(Dataset records)
----------
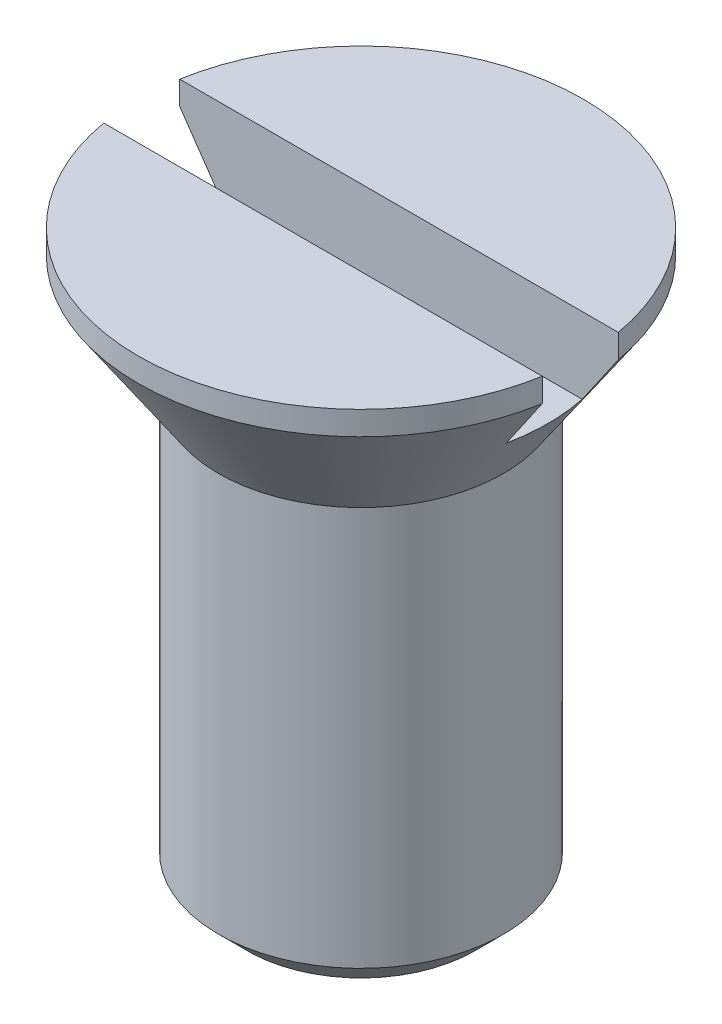
ISO-10303-21;
HEADER;
FILE_DESCRIPTION(('STEP AP214'),'2;1');
FILE_NAME('part.step','',(''),(''),'','','');
FILE_SCHEMA(('AUTOMOTIVE_DESIGN { 1 0 10303 214 1 1 1 1 }'));
ENDSEC;
DATA;
#1=APPLICATION_CONTEXT('core data for automotive mechanical design processes');
#2=APPLICATION_PROTOCOL_DEFINITION('international standard','automotive_design',2000,#1);
#3=PRODUCT_CONTEXT('',#1,'mechanical');
#4=PRODUCT('Part','Part','',(#3));
#5=PRODUCT_RELATED_PRODUCT_CATEGORY('part','',(#4));
#6=PRODUCT_DEFINITION_FORMATION('','',#4);
#7=PRODUCT_DEFINITION_CONTEXT('part definition',#1,'design');
#8=PRODUCT_DEFINITION('design','',#6,#7);
#9=PRODUCT_DEFINITION_SHAPE('','',#8);
#10=(LENGTH_UNIT() NAMED_UNIT(*) SI_UNIT(.MILLI.,.METRE.));
#11=(NAMED_UNIT(*) PLANE_ANGLE_UNIT() SI_UNIT($,.RADIAN.));
#12=(NAMED_UNIT(*) SI_UNIT($,.STERADIAN.) SOLID_ANGLE_UNIT());
#13=UNCERTAINTY_MEASURE_WITH_UNIT(LENGTH_MEASURE(1.E-05),#10,'distance_accuracy_value','');
#14=(GEOMETRIC_REPRESENTATION_CONTEXT(3) GLOBAL_UNCERTAINTY_ASSIGNED_CONTEXT((#13)) GLOBAL_UNIT_ASSIGNED_CONTEXT((#10,
#11,#12)) REPRESENTATION_CONTEXT('',''));
#15=CARTESIAN_POINT('',(0.,0.,0.));
#16=DIRECTION('',(0.,0.,1.));
#17=DIRECTION('',(1.,0.,0.));
#18=AXIS2_PLACEMENT_3D('',#15,#16,#17);
#19=CARTESIAN_POINT('',(0.,9.,0.));
#20=DIRECTION('',(0.,1.,0.));
#21=DIRECTION('',(-1.,0.,0.));
#22=AXIS2_PLACEMENT_3D('',#19,#20,#21);
#23=CONICAL_SURFACE('',#22,3.,0.596199141297479);
#24=CARTESIAN_POINT('',(0.,9.,0.));
#25=DIRECTION('',(0.,1.,0.));
#26=DIRECTION('',(-1.,0.,0.));
#27=AXIS2_PLACEMENT_3D('',#24,#25,#26);
#28=CIRCLE('',#27,3.);
#29=CARTESIAN_POINT('',(-3.,9.,0.));
#30=VERTEX_POINT('',#29);
#31=EDGE_CURVE('E174',#30,#30,#28,.T.);
#32=ORIENTED_EDGE('',*,*,#31,.T.);
#33=EDGE_LOOP('',(#32));
#34=FACE_BOUND('',#33,.T.);
#35=CARTESIAN_POINT('',(8.48774792603752,17.1426445816226,0.8));
#36=CARTESIAN_POINT('',(8.23226790905838,16.7678172243338,0.8));
#37=CARTESIAN_POINT('',(7.9767257733172,16.3930321664074,0.8));
#38=CARTESIAN_POINT('',(7.46545420852123,15.6435867536743,0.8));
#39=CARTESIAN_POINT('',(7.20972477842536,15.2689263995779,0.8));
#40=CARTESIAN_POINT('',(6.6979407636628,14.5196609936109,0.8));
#41=CARTESIAN_POINT('',(6.44188610385771,14.1450559930516,0.8));
#42=CARTESIAN_POINT('',(5.92942602025787,13.3960887615597,0.8));
#43=CARTESIAN_POINT('',(5.67302059825239,13.021726529403,0.8));
#44=CARTESIAN_POINT('',(5.15822446170194,12.2712181964029,0.8));
#45=CARTESIAN_POINT('',(4.89983077704055,11.8950741313497,0.8));
#46=CARTESIAN_POINT('',(4.38220973137272,11.1433516592533,0.8));
#47=CARTESIAN_POINT('',(4.12298235779023,10.7677732608699,0.8));
#48=CARTESIAN_POINT('',(3.60319777173905,10.0176542083952,0.8));
#49=CARTESIAN_POINT('',(3.34264085664451,9.64311334886867,0.8));
#50=CARTESIAN_POINT('',(2.94975937170716,9.08274250711056,0.8));
#51=CARTESIAN_POINT('',(2.81845949516172,8.89619460024518,0.8));
#52=CARTESIAN_POINT('',(2.5548285591623,8.52382947573319,0.8));
#53=CARTESIAN_POINT('',(2.42249750919383,8.33801225138882,0.8));
#54=CARTESIAN_POINT('',(2.23780306509317,8.08107308932591,0.8));
#55=CARTESIAN_POINT('',(2.18613435544891,8.00945210210963,0.8));
#56=CARTESIAN_POINT('',(2.08249051853665,7.86643190461051,0.8));
#57=CARTESIAN_POINT('',(2.03051538959882,7.7950326955395,0.8));
#58=CARTESIAN_POINT('',(1.87400922721423,7.58119896649876,0.8));
#59=CARTESIAN_POINT('',(1.76892476432942,7.43916652839808,0.8));
#60=CARTESIAN_POINT('',(1.60945321549017,7.22740761038801,0.8));
#61=CARTESIAN_POINT('',(1.55596431367076,7.15700518168541,0.8));
#62=CARTESIAN_POINT('',(1.44818752862893,7.01681537770636,0.8));
#63=CARTESIAN_POINT('',(1.3938996639495,6.94702798821549,0.8));
#64=CARTESIAN_POINT('',(1.28426875449672,6.80833307625839,0.8));
#65=CARTESIAN_POINT('',(1.22892616645992,6.73942519358727,0.8));
#66=CARTESIAN_POINT('',(1.11674412198701,6.60284245430155,0.8));
#67=CARTESIAN_POINT('',(1.05990484640698,6.53516745036572,0.8));
#68=CARTESIAN_POINT('',(0.965374802721835,6.42631017637344,0.8));
#69=CARTESIAN_POINT('',(0.928345808301923,6.38455473107146,0.8));
#70=CARTESIAN_POINT('',(0.853121589145389,6.30207556543701,0.8));
#71=CARTESIAN_POINT('',(0.814925980151197,6.2613521933075,0.8));
#72=CARTESIAN_POINT('',(0.737092842217356,6.18149090106563,0.8));
#73=CARTESIAN_POINT('',(0.697459055741308,6.14234935764564,0.8));
#74=CARTESIAN_POINT('',(0.616128163671504,6.06628931909247,0.8));
#75=CARTESIAN_POINT('',(0.57443250171318,6.02936930758979,0.8));
#76=CARTESIAN_POINT('',(0.496210683761102,5.96559946080604,0.8));
#77=CARTESIAN_POINT('',(0.460173760682992,5.93815679739466,0.8));
#78=CARTESIAN_POINT('',(0.385575386523169,5.88677725136391,0.8));
#79=CARTESIAN_POINT('',(0.347012363177795,5.86284258272924,0.8));
#80=CARTESIAN_POINT('',(0.272829834787472,5.82368663920412,0.8));
#81=CARTESIAN_POINT('',(0.237626097260866,5.80769877386264,0.8));
#82=CARTESIAN_POINT('',(0.165108730295448,5.78163881873884,0.8));
#83=CARTESIAN_POINT('',(0.127802246533531,5.77154787872296,0.8));
#84=CARTESIAN_POINT('',(0.05858331610283,5.76016570405149,0.8));
#85=CARTESIAN_POINT('',(0.0268801422085191,5.75763625703847,0.8));
#86=CARTESIAN_POINT('',(-0.0364725284535143,5.75819559107981,0.8));
#87=CARTESIAN_POINT('',(-0.0681220278444231,5.76128408916105,0.8));
#88=CARTESIAN_POINT('',(-0.137810731313606,5.7739307130832,0.8));
#89=CARTESIAN_POINT('',(-0.175597480771081,5.78484228907963,0.8));
#90=CARTESIAN_POINT('',(-0.248956464177001,5.81254336115259,0.8));
#91=CARTESIAN_POINT('',(-0.284521614702628,5.8293506302246,0.8));
#92=CARTESIAN_POINT('',(-0.36187294049137,5.87156232763636,0.8));
#93=CARTESIAN_POINT('',(-0.403044345976266,5.8980643342787,0.8));
#94=CARTESIAN_POINT('',(-0.482685383783973,5.95490719723634,0.8));
#95=CARTESIAN_POINT('',(-0.521148917347231,5.98525631339182,0.8));
#96=CARTESIAN_POINT('',(-0.596273570762443,6.04863916365644,0.8));
#97=CARTESIAN_POINT('',(-0.632918665314561,6.0816916458469,0.8));
#98=CARTESIAN_POINT('',(-0.704578118030376,6.14942572660821,0.8));
#99=CARTESIAN_POINT('',(-0.739594182163469,6.18410554085745,0.8));
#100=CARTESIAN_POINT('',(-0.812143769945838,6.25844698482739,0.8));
----------
__Task goal__
Give again, word for word, only the lines that run from the top of the data above through the line with "#11,#12)) REPRESENTATION_CONTEXT('',''));". Drop the pictures.

__Task output__
ISO-10303-21;
HEADER;
FILE_DESCRIPTION(('STEP AP214'),'2;1');
FILE_NAME('part.step','',(''),(''),'','','');
FILE_SCHEMA(('AUTOMOTIVE_DESIGN { 1 0 10303 214 1 1 1 1 }'));
ENDSEC;
DATA;
#1=APPLICATION_CONTEXT('core data for automotive mechanical design processes');
#2=APPLICATION_PROTOCOL_DEFINITION('international standard','automotive_design',2000,#1);
#3=PRODUCT_CONTEXT('',#1,'mechanical');
#4=PRODUCT('Part','Part','',(#3));
#5=PRODUCT_RELATED_PRODUCT_CATEGORY('part','',(#4));
#6=PRODUCT_DEFINITION_FORMATION('','',#4);
#7=PRODUCT_DEFINITION_CONTEXT('part definition',#1,'design');
#8=PRODUCT_DEFINITION('design','',#6,#7);
#9=PRODUCT_DEFINITION_SHAPE('','',#8);
#10=(LENGTH_UNIT() NAMED_UNIT(*) SI_UNIT(.MILLI.,.METRE.));
#11=(NAMED_UNIT(*) PLANE_ANGLE_UNIT() SI_UNIT($,.RADIAN.));
#12=(NAMED_UNIT(*) SI_UNIT($,.STERADIAN.) SOLID_ANGLE_UNIT());
#13=UNCERTAINTY_MEASURE_WITH_UNIT(LENGTH_MEASURE(1.E-05),#10,'distance_accuracy_value','');
#14=(GEOMETRIC_REPRESENTATION_CONTEXT(3) GLOBAL_UNCERTAINTY_ASSIGNED_CONTEXT((#13)) GLOBAL_UNIT_ASSIGNED_CONTEXT((#10,
#11,#12)) REPRESENTATION_CONTEXT('',''));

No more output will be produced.